Thanks for the link. Interesting read. Inspired me to do a bit more reading too!
I was comparing it with the lithium-polymer and lithium-ion types I use, which have many of the same properties. And in small systems, multiple packs are avoided due to size and weight, so full charge is needed to give a useful run time and avoid full discharge.
I am currently (pun intended) working on a 2 cell lithium-ion solar charge system for remote sensor and video transmission over short to medium ranges. The charger itself is not a problem, it is reworking the circuit board layout to accommodate it. Limited space in a pre-existing case that is already maxed out. It was designed around NiMH originally, when it was just a wireless PIR sensor.
So my brain was focusing on a different set of needs. Sorry!
Thanks for continuing this important discussion. Your case for BEV and AV tech has not disproved my case for BEVs (where appropriate) nor against AV tech because if they ever became safely possible, they would do more harm than good. Why believe the pretty packaged propaganda of the most corrupt business interests in the era of catastrophic climate change? I’m trying to improve arguments for and against. Each has to make an honest case to be compelling. AV tech and quicker charging, higher capacity battery tech is ‘dishonest speculation’ of future advancements as inevitable. Bill Gates preference in toy cars is irrelevant. Defending “inequitable distribution” of battery and charging resources based on “market rules” is dutiful service to the .001% ruling class, Bill Gates included.

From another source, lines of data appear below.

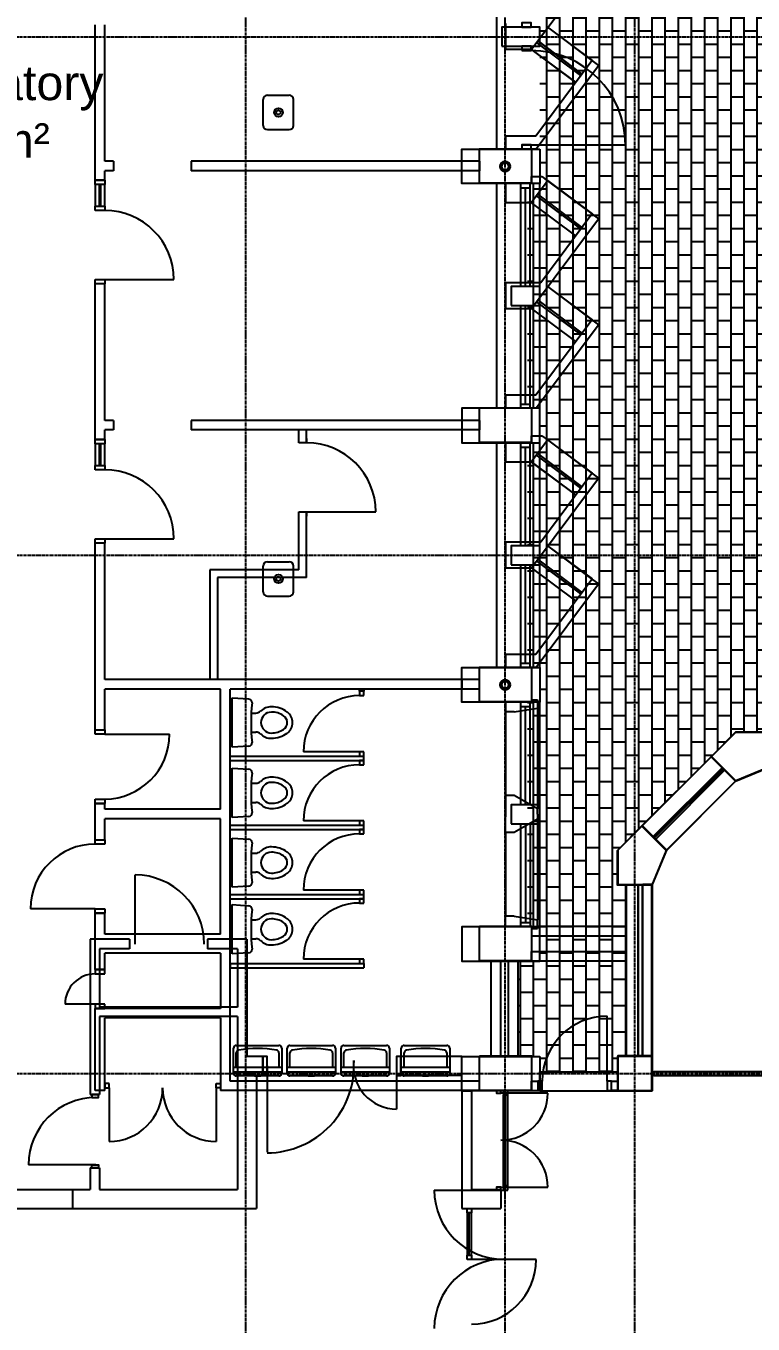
# Model space of a CAD drawing. Header units: millimetres. Extents: x -58291 to 85267, y -25390 to 74943.
# Drawn here: x -41080 to -32663, y 38378 to 53401 of the extents above; entities that cross this region are included whole.
import ezdxf

# ---------------------------------------------------------------- set-up
doc = ezdxf.new("R2010")
doc.units = ezdxf.units.MM
doc.linetypes.add('PCENTRE', pattern=[50.8, 31.75, -6.35, 6.35, -6.35])
doc.linetypes.add('PCENTRE2', pattern=[28.575, 19.05, -3.175, 3.175, -3.175])
for name, color, linetype in [('Basement 01 - Doors Windows and Openings', 1, 'Continuous'), ('Basement 01 - Hatch', 1, 'Continuous'), ('Basement 01 - Multi-View Blocks', 2, 'Continuous'), ('Basement 01 - Stairs', 8, 'Continuous'), ('Basement 01 - Structural Members', 5, 'Continuous'), ('Basement 01 - Text and Leaders', 1, 'Continuous'), ('Basement 01 - Walls', 3, 'Continuous'), ('Boundaries_and_building_grids', 140, 'PCENTRE2'), ('BRICK_WALLS_P4', 1, 'Continuous'), ('COLUMNS_P5', 5, 'Continuous'), ('DR', 8, 'Continuous'), ('SANITARY', 4, 'Continuous'), ('WA', 6, 'Continuous'), ('WA_EXT', 7, 'Continuous'), ('WN', 4, 'Continuous')]:
    doc.layers.add(name, color=color, linetype=linetype)
doc.styles.add('Arial1', font='arial.ttf')

msp = doc.modelspace()

# ---------------------------------------------------------------- hatches: boundary and pattern name
at = {"layer": 'Basement 01 - Hatch', "linetype": 'Continuous', "lineweight": -3}
h = msp.add_hatch(dxfattribs=at)
h.set_pattern_fill('AR-B816', color=8, scale=0.75, angle=90, style=0)
h.paths.add_polyline_path([(-26083, 57526), (-26083, 57226), (-25973, 57226), (-25973, 42852), (-26433, 42852), (-26433, 43459), (-26333, 43459), (-26333, 43859), (-27700, 45226), (-28100, 45226), (-28100, 45126), (-32466, 45126), (-32466, 45226), (-32866, 45226), (-34233, 43859), (-34233, 43476), (-34133, 43459), (-34133, 41476), (-34233, 41476), (-34233, 41296), (-35133, 41296), (-35133, 41476), (-35383, 41476), (-35383, 42576), (-35133, 42576), (-35133, 42976), (-35273, 42976), (-35273, 45576), (-35133, 45576), (-35133, 45976), (-35273, 45976), (-35273, 48576), (-35133, 48576), (-35133, 48976), (-35273, 48976), (-35273, 51576), (-35133, 51576), (-35133, 54976), (-35273, 54976), (-35273, 57526)])

# ---------------------------------------------------------------- linework, layer by layer
at = {"layer": 'Basement 01 - Doors Windows and Openings', "color": 1, "linetype": 'Continuous', "lineweight": -3}
for p, q in [((-35340, 52026, -4600), (-35230, 52026, -4600)), ((-35230, 52026, -4600), (-34140, 52026, -4600)), ((-33021, 44816, -4600), (-33823, 44014, -4600)), ((-33809, 44000, -4600), (-33007, 44801, -4600)), ((-32993, 44787, -4600), (-32866, 44660, -4600)), ((-35038, 41051, -4600), (-35583, 41051, -4600)), ((-35583, 39961, -4600), (-35038, 39961, -4600)), ((-35973, 39666, -4600), (-35973, 39176, -4600)), ((-35948, 39176, -4600), (-35948, 39666, -4600)), ((-35923, 39176, -4600), (-35923, 39666, -4600)), ((-35173, 39126, -4600), (-35923, 39126, -4600))]:
    msp.add_line(p, q, dxfattribs=at)
at = {"layer": 'Basement 01 - Doors Windows and Openings', "color": 1, "linetype": 'Continuous'}
for p, q in [((-35353, 50386, -4600), (-35353, 51576, -4600)), ((-35243, 51576, -4600), (-35353, 51576, -4600)), ((-35243, 50386, -4600), (-35243, 51576, -4600)), ((-35133, 48976, -4600), (-35133, 51576, -4600)), ((-35353, 51526, -4600), (-35243, 51526, -4600)), ((-35298, 50386, -4600), (-35298, 51526, -4600)), ((-35353, 48976, -4600), (-35353, 50166, -4600)), ((-35298, 49026, -4600), (-35298, 50166, -4600)), ((-35243, 48976, -4600), (-35243, 50166, -4600)), ((-35353, 49026, -4600), (-35243, 49026, -4600)), ((-35243, 48976, -4600), (-35353, 48976, -4600)), ((-35243, 48576, -4600), (-35353, 48576, -4600)), ((-35353, 47386, -4600), (-35353, 48576, -4600)), ((-35353, 48526, -4600), (-35243, 48526, -4600)), ((-35298, 47386, -4600), (-35298, 48526, -4600)), ((-35243, 47386, -4600), (-35243, 48576, -4600)), ((-35133, 45976, -4600), (-35133, 48576, -4600)), ((-35353, 45976, -4600), (-35353, 47166, -4600)), ((-35298, 46026, -4600), (-35298, 47166, -4600)), ((-35243, 45976, -4600), (-35243, 47166, -4600)), ((-35353, 46026, -4600), (-35243, 46026, -4600)), ((-35243, 45976, -4600), (-35353, 45976, -4600)), ((-35353, 44386, -4600), (-35353, 45576, -4600)), ((-35243, 45576, -4600), (-35353, 45576, -4600)), ((-35353, 45526, -4600), (-35243, 45526, -4600)), ((-35298, 44386, -4600), (-35298, 45526, -4600)), ((-35243, 44386, -4600), (-35243, 45576, -4600)), ((-35133, 42976, -4600), (-35133, 45576, -4600)), ((-35353, 42976, -4600), (-35353, 44166, -4600)), ((-35298, 44166, -4600), (-35298, 43026, -4600)), ((-35243, 44166, -4600), (-35243, 42976, -4600)), ((-35353, 43026, -4600), (-35243, 43026, -4600)), ((-35243, 42976, -4600), (-35353, 42976, -4600))]:
    msp.add_line(p, q, dxfattribs=at)
at = {"layer": 'Basement 01 - Doors Windows and Openings', "color": 1, "linetype": 'Continuous', "lineweight": -3, "ltscale": 0.2, "elevation": -4600}
for points in [[(-35340, 53386), (-35230, 53386), (-35230, 53436), (-35340, 53436)], [(-35340, 53116), (-35230, 53116), (-35230, 53166), (-35340, 53166)], [(-35340, 51976), (-35230, 51976), (-35230, 52026), (-35340, 52026)], [(-40316, 41001), (-40240, 41001), (-40240, 41036), (-40316, 41036)], [(-40316, 40221), (-40240, 40221), (-40240, 40186), (-40316, 40186)]]:
    msp.add_lwpolyline(points, close=True, dxfattribs=at)
at = {"layer": 'Basement 01 - Doors Windows and Openings', "color": 1, "linetype": 'Continuous', "lineweight": -3, "elevation": -4600}
for points in [[(-32866, 44660), (-33148, 44943), (-33950, 44141), (-33667, 43859), (-32866, 44660)], [(-38289, 41256), (-38289, 41476), (-38339, 41476), (-38339, 41256), (-38289, 41256)], [(-36739, 41256), (-36739, 41476), (-36789, 41476), (-36789, 41256), (-36739, 41256)], [(-35583, 41051), (-35583, 41076), (-35633, 41076), (-35633, 41051), (-35583, 41051)], [(-35583, 39936), (-35583, 39961), (-35633, 39961), (-35633, 39936), (-35583, 39936)], [(-35973, 39666), (-35973, 39716), (-35923, 39716), (-35923, 39666), (-35973, 39666)], [(-35973, 39126), (-35973, 39176), (-35923, 39176), (-35923, 39126), (-35973, 39126)]]:
    msp.add_lwpolyline(points, dxfattribs=at)
at = {"layer": 'Basement 01 - Doors Windows and Openings', "color": 1, "linetype": 'Continuous', "lineweight": -3, "ltscale": 0.2, "elevation": -4600}
for points in [[(-39817, 42776), (-39817, 43576)], [(-38289, 41366), (-38289, 40366)], [(-36789, 41366), (-36789, 40866)], [(-40270, 40221), (-41050, 40221)]]:
    msp.add_lwpolyline(points, dxfattribs=at)
at = {"layer": 'Basement 01 - Doors Windows and Openings', "color": 1, "linetype": 'Continuous', "lineweight": -3}
for centre, radius, start, end in [((-35230, 52026, -4600), 1090, 0, 90), ((-35583, 41051, -4600), 545, 270, 0), ((-35583, 39961, -4600), 545, 0, 90), ((-35923, 39126, -4600), 750, 270, 0)]:
    msp.add_arc(centre, radius, start, end, dxfattribs=at)
at = {"layer": 'Basement 01 - Doors Windows and Openings', "color": 1, "linetype": 'Continuous', "lineweight": -3, "ltscale": 0.2}
for centre, radius, start, end in [((-39817, 42776, -4600), 800, 0, 90), ((-38289, 41366, -4600), 1006, 270, 3.612), ((-36789, 41366, -4600), 500, 172.7176, 270), ((-40270, 40221, -4600), 780, 90, 180)]:
    msp.add_arc(centre, radius, start, end, dxfattribs=at)
at = {"layer": 'Basement 01 - Multi-View Blocks', "color": 2, "linetype": 'Continuous', "lineweight": -3, "ltscale": 0.2}
for p, q in [((-38283, 52601, -4600), (-38033, 52601, -4600)), ((-38333, 52251, -4600), (-38333, 52551, -4600)), ((-37983, 52251, -4600), (-37983, 52551, -4600)), ((-38283, 52201, -4600), (-38033, 52201, -4600)), ((-38283, 47201, -4600), (-38033, 47201, -4600)), ((-38333, 46851, -4600), (-38333, 47151, -4600)), ((-37983, 46851, -4600), (-37983, 47151, -4600)), ((-38283, 46801, -4600), (-38033, 46801, -4600))]:
    msp.add_line(p, q, dxfattribs=at)
for centre, radius in [((-38158, 52401, -4600), 50), ((-38158, 52401, -4600), 25), ((-38158, 47001, -4600), 50), ((-38158, 47001, -4600), 25)]:
    msp.add_circle(centre, radius, dxfattribs=at)
for centre, start, end in [((-38283, 52551, -4600), 90, 180), ((-38033, 52551, -4600), 0, 90), ((-38283, 52251, -4600), 180, 270), ((-38033, 52251, -4600), 270, 0), ((-38283, 47151, -4600), 90, 180), ((-38033, 47151, -4600), 0, 90), ((-38283, 46851, -4600), 180, 270), ((-38033, 46851, -4600), 270, 0)]:
    msp.add_arc(centre, 50, start, end, dxfattribs=at)
at = {"layer": 'Basement 01 - Stairs', "color": 8, "linetype": 'Continuous', "lineweight": -3, "elevation": -4600}
msp.add_lwpolyline([(-32258, 41301), (-32258, 41251), (-33808, 41251), (-33808, 41301), (-32258, 41301)], dxfattribs=at)
at = {"layer": 'Basement 01 - Structural Members', "color": 5, "linetype": 'Continuous', "lineweight": -3, "elevation": -4600}
for points in [[(-35133, 51976), (-35133, 51576), (-36033, 51576), (-36033, 51976), (-35133, 51976)], [(-35133, 48576), (-35133, 48976), (-36033, 48976), (-36033, 48576), (-35133, 48576)], [(-35133, 45976), (-35133, 45576), (-36033, 45576), (-36033, 45976), (-35133, 45976)], [(-35133, 42576), (-35133, 42976), (-36033, 42976), (-36033, 42576), (-35133, 42576)], [(-35133, 41476), (-35133, 41076), (-36033, 41076), (-36033, 41476), (-35133, 41476)], [(-33833, 41476), (-34233, 41476), (-34233, 41076), (-33833, 41076), (-33833, 41476)]]:
    msp.add_lwpolyline(points, dxfattribs=at)
for points in [[(-33148, 44943), (-32866, 44660), (-32466, 44826), (-32466, 45226), (-32866, 45226)], [(-33667, 43859), (-33833, 43459), (-34233, 43459), (-34233, 43859), (-33950, 44141)]]:
    msp.add_lwpolyline(points, close=True, dxfattribs=at)
at = {"layer": 'Basement 01 - Structural Members', "color": 5, "linetype": 'Continuous', "lineweight": -3}
for centre in [(-35533, 51776, -4600), (-35533, 45776, -4600)]:
    msp.add_circle(centre, 50, dxfattribs=at)
at = {"layer": 'Basement 01 - Walls', "color": 3, "linetype": 'Continuous', "lineweight": -3}
for p, q in [((-36033, 45831, -4600), (-36033, 45721, -4600)), ((-34233, 43609, -4600), (-34233, 43476, -4600)), ((-34133, 41476, -4600), (-34133, 43459, -4600)), ((-33993, 41476, -4600), (-33993, 43459, -4600)), ((-33943, 41476, -4600), (-33943, 43459, -4600)), ((-33833, 43459, -4600), (-33943, 43459, -4600)), ((-33833, 41476, -4600), (-33833, 43459, -4600)), ((-39880, 42831, -4600), (-40338, 42831, -4600)), ((-40338, 42831, -4600), (-40338, 41036, -4600)), ((-39880, 42831, -4600), (-39880, 42721, -4600)), ((-38522, 42831, -4600), (-38980, 42831, -4600)), ((-38980, 42831, -4600), (-38980, 42721, -4600)), ((-38522, 42831, -4600), (-38980, 42831, -4600)), ((-38522, 42831, -4600), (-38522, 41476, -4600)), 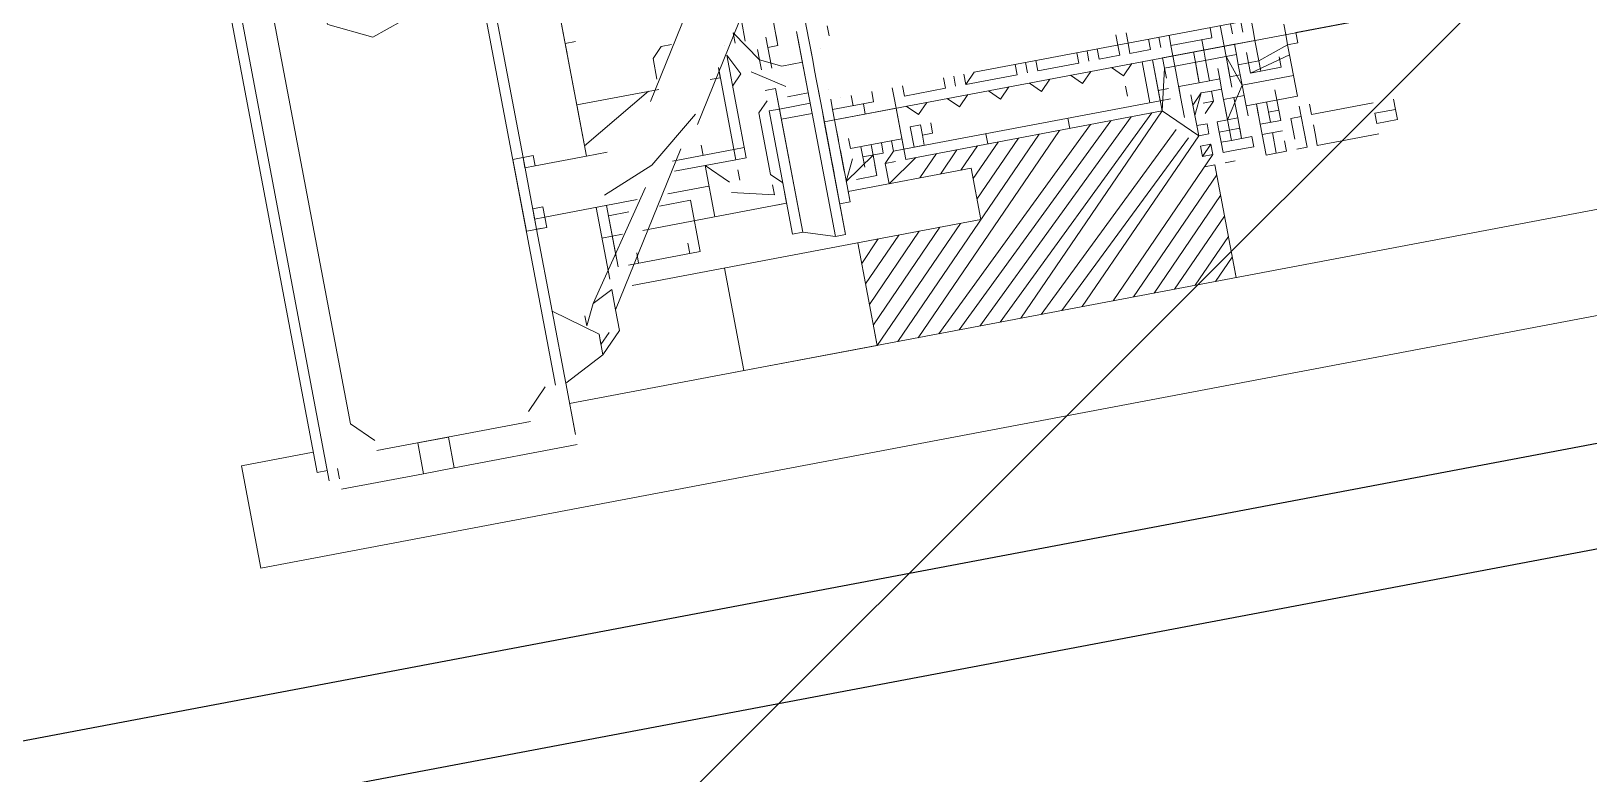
# Model space of a CAD drawing. Extents: x 407440 to 411585, y 6041728 to 6045069.
# Drawn here: x 408190.95 to 408199.51, y 6044189.55 to 6044193.63 of the extents above; entities that cross this region are included whole.
import ezdxf

# ---------------------------------------------------------------- set-up
doc = ezdxf.new("R2010")
doc.units = 0
doc.header["$LTSCALE"] = 5
doc.linetypes.add('foc-TIELINE', pattern=[1.875, 1.25, -0.625])
doc.layers.add('P-PROPOSED-EXISTING-H', color=59, linetype='Continuous')
doc.layers.add('T-TIE', color=201, linetype='foc-TIELINE')

# ---------------------------------------------------------------- blocks, each defined once
blk = doc.blocks.new('P-RIG-877')
at = {"layer": 'T-TIE', "linetype": 'ByBlock', "lineweight": 25}
for points in [[(5.8437, -32.9382), (5.0745, -33.2252), (5.1089, -33.3171), (5.9241, -33.0186), (5.9241, -32.9038), (6.7736, -32.9038), (6.7736, -27.3012), (5.4878, -27.3012), (5.4878, -27.1864), (6.7736, -27.1864), (6.7736, -20.0798)], [(6.8999, -20.9868), (6.8884, -20.9868), (6.8884, -33.0186), (5.8781, -33.0186)]]:
    blk.add_lwpolyline(points, dxfattribs=at)
at = {"layer": 'T-TIE', "linetype": 'ByBlock', "lineweight": 5}
for points in [[(6.5211, -32.479), (6.5211, -32.5594), (6.6359, -32.5594), (6.6359, -29.5629), (5.4304, -29.5629), (5.4304, -32.5594), (5.5337, -32.5594), (5.5337, -32.479)], [(6.5211, -32.192), (6.5211, -29.5629), (6.3144, -29.7695)], [(6.2685, -31.0324), (6.2685, -31.859), (6.3948, -31.859), (6.257, -31.859), (6.2455, -31.859), (6.257, -31.859), (6.2685, -31.859), (6.2685, -31.7787), (6.3259, -31.7787), (6.3259, -31.4916), (6.2685, -31.4916), (6.3144, -31.4916), (6.3144, -31.4802)], [(6.3718, -31.262), (6.3718, -31.2391), (6.3833, -31.2391), (6.3718, -31.2391), (6.3603, -31.2391)], [(6.3833, -31.2391), (6.3833, -31.262)], [(6.28, -31.3883), (6.2914, -31.3883), (6.3029, -31.3883), (6.2914, -31.3883), (6.3029, -31.3883), (6.2914, -31.3424), (6.28, -31.3424), (6.2685, -31.3424), (6.28, -31.3424), (6.28, -31.3309), (6.2685, -31.3309), (6.2685, -31.2735), (6.257, -31.2735)], [(6.3603, -31.262), (6.3603, -31.3309), (6.3488, -31.3309)], [(6.3948, -31.262), (6.3948, -31.3309), (6.3833, -31.3309), (6.3718, -31.3309)], [(6.3488, -31.4342), (6.3603, -31.4342), (6.3488, -31.4342), (6.3488, -31.4228), (6.3144, -31.3998), (6.28, -31.4113), (6.2685, -31.4113), (6.257, -31.4113), (6.2455, -31.4113), (6.257, -31.4113), (6.2685, -31.4113), (6.2685, -31.3768), (6.257, -31.3768), (6.2455, -31.3768), (6.234, -31.3539), (6.234, -31.3424), (6.2226, -31.3424)], [(6.3374, -31.3998), (6.3374, -31.3424), (6.3029, -31.3424), (6.2914, -31.3424), (6.28, -31.3424), (6.2685, -31.3424), (6.257, -31.3424)], [(6.2685, -31.3424), (6.28, -31.3424), (6.2685, -31.3424)], [(6.2914, -31.3768), (6.28, -31.3424), (6.2914, -31.3768)], [(6.3144, -31.3424), (6.3144, -31.3998), (6.3144, -31.3424), (6.3144, -31.3998)], [(6.3603, -31.3424), (6.3488, -31.3424)], [(6.3603, -31.3424), (6.3948, -31.3424), (6.3603, -31.3424), (6.3603, -31.3539)], [(6.3603, -31.3539), (6.3603, -31.3424)], [(6.3948, -31.3424), (6.3833, -31.3424)], [(6.3948, -31.3424), (6.3948, -31.3539), (6.3948, -31.3424)], [(6.3029, -31.3539), (6.2914, -31.3539)], [(6.3029, -31.3539), (6.3029, -31.3883), (6.3029, -31.3539)], [(6.3029, -31.3768), (6.2914, -31.3768), (6.2685, -31.3768)], [(6.2914, -31.3998), (6.2914, -31.3768)], [(6.3488, -31.3654), (6.3603, -31.3654), (6.3488, -31.3654), (6.3374, -31.3654), (6.3259, -31.3654)], [(6.3374, -31.3654), (6.3488, -31.3654), (6.3488, -31.3768)], [(6.3603, -31.3768), (6.3374, -31.3768)], [(6.3603, -31.3654), (6.3603, -31.3883), (6.3718, -31.3883), (6.3718, -31.3654)], [(6.3718, -31.3883), (6.3948, -31.3883), (6.3948, -31.3768), (6.3718, -31.3768)], [(6.3948, -31.3654), (6.3948, -31.3883), (6.3948, -31.3654)], [(6.257, -31.6983), (6.2455, -31.6868), (6.2455, -31.3883), (6.257, -31.3883), (6.2455, -31.3883), (6.234, -31.3883)], [(6.3374, -31.3883), (6.3603, -31.3883)], [(6.3029, -31.3998), (6.2914, -31.3998), (6.28, -31.3998)], [(6.28, -31.4113), (6.3029, -31.4113), (6.3029, -31.3998), (6.3259, -31.3998), (6.3259, -31.4113), (6.3259, -31.4228), (6.3374, -31.4228), (6.3259, -31.4228), (6.3144, -31.4228), (6.3259, -31.4228), (6.3488, -31.4228), (6.3488, -31.4342), (6.3603, -31.4342), (6.3488, -31.4342), (6.3603, -31.4342), (6.3718, -31.4342), (6.3603, -31.4342), (6.3488, -31.4342), (6.3603, -31.4342), (6.3488, -31.4342), (6.3603, -31.4342)], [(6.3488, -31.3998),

Your rough calculations of energy consumed per weight and mile are as nerdy as mine but less complete. Reducing car-dependency and long-distance transport is more important than continuing to drive for all purposes and to purchase goods made by wage-slave labor shipped and trucked thousands of miles is obviously unsustainable even with BEVs.
A rough study of Costco warehouse distributors suggests the amount of gasoline required to deliver goods to households could be cut by 90% like this: Were Costco to employ a fleet of 10 vans at 10mpg each distributing to 10 local retailers, all driving 1000 miles daily with 100 gallons of gas. The 5000 customers to Costco daily would reduce their driving distance from 20 miles to 2 miles at 25mpg. This reduces fuel consumption from 4000 gallons to 400 gallons daily and supports local retail. Big Box retail more or less poses this same problem of fuel/energy consumption and traffic that undermines local economies. BEVs are a futile attempt to maintain insane amounts of driving. Your case for BEV and AV is their case to maintain business as usual, etc etc. Nice try, but convincing only to those who want to believe the ruling class don’t see the rest of us as anything more than consumers, wage-slaves and cannon fodder.
“The big remaining problems he sees with electric cars are their cost, range, slow recharge and access to recharge sites. Substantial problems he clearly doesn’t know of quick, easy solutions, or he’d be all over it. That doesn’t mean those problem drawbacks won’t be improved.” Hey, this is good editing, eh JZ? To summarize those statments more clearly left me with a question to pose or restate. Oh remember: Public Tesla charge sites in Oregon are currently 10 statewide; pitiful. OTOH, Asian/European/USA sites in Oregon are around 120. Something like that, not counting private curbside access sites, public venues. So, Tesla charge sites are subsidized yet number 1/10th A/E/U in Oregon. What do you think, JZ or whomever wants to take ACCESS on for a thought exercise? Againthanksjz.